【Destiny Pharma-Product XF-73】Interim results for the six months ended 30 June 2019

Partner News

23th September 2019– Destiny Pharma issued an announcement, which is summarized as follows: 

Operational highlights

Phase 2b clinical trial: XF-73 nasal gel for prevention of post-surgical infections

–  XF-73 (exeporfinium chloride) nasal gel Phase 2b trial has started enrolling 200 surgical patients in sites in the US and Europe

–  European site set-up on schedule but US sites slower than expected. Consequently, recruitment expected to complete in early 2020 with results announced later in mid-2020 (previously recruitment was planned to end in Q4 2019)
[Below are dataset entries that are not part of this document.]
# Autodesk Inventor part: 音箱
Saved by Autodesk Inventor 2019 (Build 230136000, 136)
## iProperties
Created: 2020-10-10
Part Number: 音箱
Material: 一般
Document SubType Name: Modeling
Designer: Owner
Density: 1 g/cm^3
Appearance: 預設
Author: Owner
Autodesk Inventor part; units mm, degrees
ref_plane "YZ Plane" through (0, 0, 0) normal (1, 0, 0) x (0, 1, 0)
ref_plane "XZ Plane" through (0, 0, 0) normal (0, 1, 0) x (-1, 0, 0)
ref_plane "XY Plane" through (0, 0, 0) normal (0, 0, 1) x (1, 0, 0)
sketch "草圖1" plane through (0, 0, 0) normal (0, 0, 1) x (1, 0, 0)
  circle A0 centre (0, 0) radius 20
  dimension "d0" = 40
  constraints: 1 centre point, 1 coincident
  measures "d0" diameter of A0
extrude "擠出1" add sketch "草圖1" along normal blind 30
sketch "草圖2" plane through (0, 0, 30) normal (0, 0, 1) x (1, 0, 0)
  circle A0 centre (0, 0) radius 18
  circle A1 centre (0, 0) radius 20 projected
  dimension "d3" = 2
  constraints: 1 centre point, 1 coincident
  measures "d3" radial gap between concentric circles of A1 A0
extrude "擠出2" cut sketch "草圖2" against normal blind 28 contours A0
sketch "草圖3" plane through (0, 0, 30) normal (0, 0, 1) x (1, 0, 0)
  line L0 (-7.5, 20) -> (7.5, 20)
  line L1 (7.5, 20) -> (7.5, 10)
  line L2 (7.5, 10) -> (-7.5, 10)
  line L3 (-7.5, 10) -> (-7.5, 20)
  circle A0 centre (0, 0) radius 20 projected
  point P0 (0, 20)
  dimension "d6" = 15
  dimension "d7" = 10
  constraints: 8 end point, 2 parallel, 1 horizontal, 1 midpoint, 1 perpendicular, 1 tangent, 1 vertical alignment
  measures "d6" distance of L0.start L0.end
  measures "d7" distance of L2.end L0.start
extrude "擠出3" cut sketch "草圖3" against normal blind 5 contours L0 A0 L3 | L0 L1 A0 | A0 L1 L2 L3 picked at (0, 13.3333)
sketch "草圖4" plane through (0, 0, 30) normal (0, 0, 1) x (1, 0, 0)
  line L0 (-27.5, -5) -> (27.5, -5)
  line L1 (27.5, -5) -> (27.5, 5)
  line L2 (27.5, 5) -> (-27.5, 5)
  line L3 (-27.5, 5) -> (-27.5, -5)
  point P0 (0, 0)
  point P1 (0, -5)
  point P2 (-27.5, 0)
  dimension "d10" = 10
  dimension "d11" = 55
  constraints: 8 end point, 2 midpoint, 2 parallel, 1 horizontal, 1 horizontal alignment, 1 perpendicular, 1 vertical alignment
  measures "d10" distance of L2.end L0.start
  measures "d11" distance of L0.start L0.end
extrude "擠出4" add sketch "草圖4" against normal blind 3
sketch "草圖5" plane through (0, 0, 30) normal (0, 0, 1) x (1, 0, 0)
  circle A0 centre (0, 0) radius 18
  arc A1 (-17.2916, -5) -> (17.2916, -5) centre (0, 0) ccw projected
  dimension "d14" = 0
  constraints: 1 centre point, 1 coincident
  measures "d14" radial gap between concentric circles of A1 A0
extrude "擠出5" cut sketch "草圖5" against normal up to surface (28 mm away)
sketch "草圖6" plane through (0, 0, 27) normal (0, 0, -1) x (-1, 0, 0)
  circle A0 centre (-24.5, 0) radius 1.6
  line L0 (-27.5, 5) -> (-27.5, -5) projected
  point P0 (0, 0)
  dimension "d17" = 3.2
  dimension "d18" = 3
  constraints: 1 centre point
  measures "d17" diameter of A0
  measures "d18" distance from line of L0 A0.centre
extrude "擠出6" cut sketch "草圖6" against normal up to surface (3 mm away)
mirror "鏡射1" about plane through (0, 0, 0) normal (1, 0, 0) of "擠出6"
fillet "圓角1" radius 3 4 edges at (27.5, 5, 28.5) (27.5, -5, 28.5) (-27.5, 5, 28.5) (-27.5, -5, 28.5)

–  Interim safety, efficacy and futility analysis of Phase 2b trial, performed by independent safety monitoring board, planned for end of 2019

–  Prototype XF-73 nasal gel pack for the final marketed product is being developed to deliver an easy-to-use, single dose, nasal gel tube to enable precise delivery and reduce wastage

–  “Non-irritant” classification awarded to XF-73 nasal gel following positive results from a Phase 1 safety clinical study examining the drug’s potential to cause irritation when administered topically. This classification supports lead nasal programme and use in Phase 1 dermal infection project

Neil Clark, CEO of Destiny Pharma, commented:

“Destiny Pharma has made good progress in the first half of the year and we are very pleased to have started recruitment of patients into the important Phase 2b study of our lead drug candidate, XF-73, for the prevention of post-surgical hospital infections. This is a major milestone for the Company and we look forward to reporting results in mid-2020 with patient recruitment planned to complete in Q1 2020.

We remain very positive on the clinical need and commercial opportunity for XF-73 in the hospital setting which we estimate in the US alone to be peak annual product sales of $1 billion. Our discussions with potential US hospital clinical trial sites and new, independent US studies confirm the increase in the decolonisation of nasal carriers of Staphylococcal aureus in the US as “best practice” ahead of major surgeries.